Perhaps DiAngelo also overlooked the life expectancy numbers that came out in the wake of the pandemic from both the CDC and The BMJ (associated with the British Medical Association). Not surprisingly, US citizens, in general, lost more life expectancy from our failing, for-profit health care system than did our counterpart countries with national or single-payer systems (“8.5 times the average decrease in 16 comparable countries..”).


But the dramatic difference between whites and Blacks (and Latino y Latinas) is a national disgrace. Where The BMJ claims that the average white person in the US lost 1.4 years of life expectancy at birth between 2018 and 2020, the average life expectancy of Blacks dropped 3.25 years (and Latino y Latinas by 3.9 years)!


Quoted by NBC News, Steven Woolf, who led The BMJ study and is director emeritus of the Center on Society and Health at Virginia Commonwealth University, said “What I didn’t anticipate was how badly the U.S. would handle the pandemic… These are numbers we aren’t at all used to seeing in this research; 0.1 years is something that normally gets attention in the field, so 3.9 years and 3.25 years and even 1.4 years is just horrible,” Woolf said. “We haven’t had a decrease of that magnitude since World War II.”

Life expectancy for Black men is now just below 68 years (68.3 in CDC data for 2020). That means that the average Black male will pay into Social Security and Medicare and see little or none of the benefits, a cruel consequence of the racism built into a dysfunctional social welfare and health care system.

The gap in life expectancy between Blacks and whites is now 5.81 years! Whether it is racialized health care or impoverishment or some other inequality that accounts for this gap, the result is a national scandal.

But more significantly, these numbers underscore outcomes that are baked into US institutions and do demonstrable harm to African Americans. The US socio-politico-economic system systematically produces and reproduces material deprivations on Black people, guaranteeing a second-class citizenship for generations to come.

Television interviews, self-help books, book club readings, sermons, and jeremiads have little impact on these obstacles to racial justice. Shaming, cajoling, or sensitivity training will not break the grip of racism on the material condition of Black People in the US.

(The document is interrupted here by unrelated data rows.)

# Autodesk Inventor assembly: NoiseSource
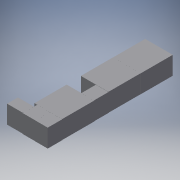
[picture p0: Inventor's stored thumbnail of the model, 180x180]
Saved by Autodesk Inventor 2016 (Build 200138000, 138)
## iProperties
Created: 2016-08-31
Part Number: NoiseSource
Document SubType Name: Assembly
Designer: jfixelle
Author: jfixelle
## Documents named in this file (4)
- E:\jfixelle\Documents\APC\GitRepo\FrontEnd\Placement\NoiseSource.iam
- E:\jfixelle\Documents\APC\GitRepo\FrontEnd\Placement\AmplifierBlock1.ipt
- E:\jfixelle\Documents\APC\GitRepo\FrontEnd\Placement\SwitchBlock.ipt
- E:\jfixelle\Documents\APC\GitRepo\FrontEnd\Placement\UMCCBlock.ipt
## Components (7 placed, 3 different names)
1. AmplifierBlock1:1 — Flush:3
2. SwitchBlock:1 — Flush:2
3. UMCCBlock:1 — Flush:6
4. SwitchBlock:2 — Flush:5
5. SwitchBlock:3 — Flush:4
6. AmplifierBlock1:2 — Flush:1
7. AmplifierBlock1:3 — Flush:1, Flush:2, Flush:3, Flush:4, Flush:5, Flush:6
## Relationships (6: Flush 6)
- Flush:1: AmplifierBlock1:2 ↔ AmplifierBlock1:3
- Flush:2: SwitchBlock:1 ↔ AmplifierBlock1:3
- Flush:3: AmplifierBlock1:1 ↔ AmplifierBlock1:3
- Flush:4: SwitchBlock:3 ↔ AmplifierBlock1:3
- Flush:5: SwitchBlock:2 ↔ AmplifierBlock1:3
- Flush:6: UMCCBlock:1 ↔ AmplifierBlock1:3
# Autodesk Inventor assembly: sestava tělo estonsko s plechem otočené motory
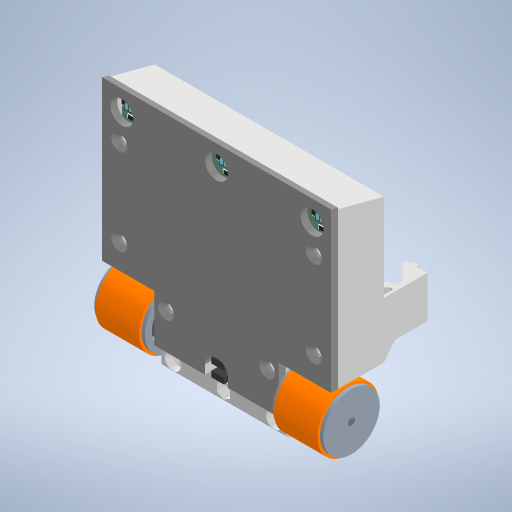
[picture p0: Inventor's stored thumbnail of the model, 512x512]
Saved by Autodesk Inventor 2024 (Build 280153000, 153)
## iProperties
Created: 2023-11-12
Part Number: sestava tělo estonsko s plechem otočené motory
Document SubType Name: Assembly
Designer: 42060
Author: 42060
## Documents named in this file (8)
- C:\Users\42060\Desktop\ŠKOLA\Mini sumo\RoboCop\- 3D -\wip\Tělo s plechem\sestava tělo estonsko s plechem otočené motory.iam
- C:\Users\42060\Desktop\ŠKOLA\Mini sumo\RoboCop\- 3D -\wip\Tělo s plechem\motor_C_clamp_nutt_motor_otoceny.ipt
- C:\Users\42060\Desktop\ŠKOLA\Mini sumo\RoboCop\- 3D -\wip\Tělo s plechem\tělo estonsko s plechem otočené motory.ipt
- C:\Users\42060\Desktop\ŠKOLA\Mini sumo\RoboCop\- 3D -\el._parts\GA12-N20_Motor.ipt
- C:\Users\42060\Desktop\ŠKOLA\Mini sumo\RoboCop\- 3D -\mech._parts\plech.ipt
- C:\Users\42060\Desktop\ŠKOLA\Mini sumo\RoboCop\- 3D -\mech._parts\wheel+silicon.ipt
- C:\Users\42060\Desktop\ŠKOLA\Mini sumo\RoboCop\- 3D -\el._parts\qre_module.ipt
- C:\Users\42060\Desktop\ŠKOLA\Mini sumo\RoboCop\- 3D -\el._parts\sumec_smd.iam
## Components (10 placed, 7 different names)
1. motor_C_clamp_nutt_motor_otoceny:1 — Tuhé:1
2. tělo estonsko s plechem otočené motory:1 — Tuhé:1, Tuhé:2, Proti sobě:1, Proti sobě:2, Stejný směr:1, Proti sobě:3, Stejný směr:2, Proti sobě:4, Tuhé:3, Tuhé:4, Tuhé:5
3. motor_C_clamp_nutt_motor_otoceny:2 — Tuhé:2
4. GA12-N20_Motor:1 — Proti sobě:1, Proti sobě:2, Stejný směr:1, Rotační:1
5. GA12-N20_Motor:2 — Proti sobě:3, Stejný směr:2, Proti sobě:4, Rotační:2
6. plech:1 — Tuhé:3
7. wheel+silicon:1 — Rotační:1
8. wheel+silicon:2 — Rotační:2
9. qre_module:1 — Tuhé:4
10. sumec_smd:1 [sub-assembly] — Tuhé:5
## Relationships (13: WeldJoint 5, Mate 4, Flush 2, RevoluteJoint 2)
- Tuhé:1 [WeldJoint] (-1 mm): motor_C_clamp_nutt_motor_otoceny:1 ↔ tělo estonsko s plechem otočené motory:1
- Tuhé:2 [WeldJoint] (-1 mm): tělo estonsko s plechem otočené motory:1 ↔ motor_C_clamp_nutt_motor_otoceny:2
- Proti sobě:1 [Mate]: tělo estonsko s plechem otočené motory:1 ↔ GA12-N20_Motor:1
- Proti sobě:2 [Mate] (0.1 mm): tělo estonsko s plechem otočené motory:1 ↔ GA12-N20_Motor:1
- Stejný směr:1 [Flush]: tělo estonsko s plechem otočené motory:1 ↔ GA12-N20_Motor:1
- Proti sobě:3 [Mate]: tělo estonsko s plechem otočené motory:1 ↔ GA12-N20_Motor:2
- Stejný směr:2 [Flush]: tělo estonsko s plechem otočené motory:1 ↔ GA12-N20_Motor:2
- Proti sobě:4 [Mate] (0.1 mm): tělo estonsko s plechem otočené motory:1 ↔ GA12-N20_Motor:2
- Tuhé:3 [WeldJoint]: tělo estonsko s plechem otočené motory:1 ↔ plech:1
- Rotační:1 [RevoluteJoint]: GA12-N20_Motor:1 ↔ wheel+silicon:1
- Rotační:2 [RevoluteJoint]: GA12-N20_Motor:2 ↔ wheel+silicon:2
- Tuhé:4 [WeldJoint]: tělo estonsko s plechem otočené motory:1 ↔ qre_module:1
- Tuhé:5 [WeldJoint]: tělo estonsko s plechem otočené motory:1 ↔ sumec_smd:1

Instead, we must impose racial justice on our institutions. We must insist upon workplace representation that reflects our multinational, multi-ethnic society. Popular notions of education reform, elevating role models, promoting inspirational talks, or leaving justice to the market have shown that they will not work.

Every past effort to rectify the economic inequalities imposed by racist practices-- from forty acres and a mule to workplace affirmative action-- has been met with resistance from wealth and power. When the discussion turns to reparative racial justice, the DiAngelos of the world and their corporate promoters stare at their shoes. They would rather talk about racism than incur the economic costs that would come with restorative change. That might cost their bottom line.

Less of Robin DiAngelo’s hustle, more affirmative action!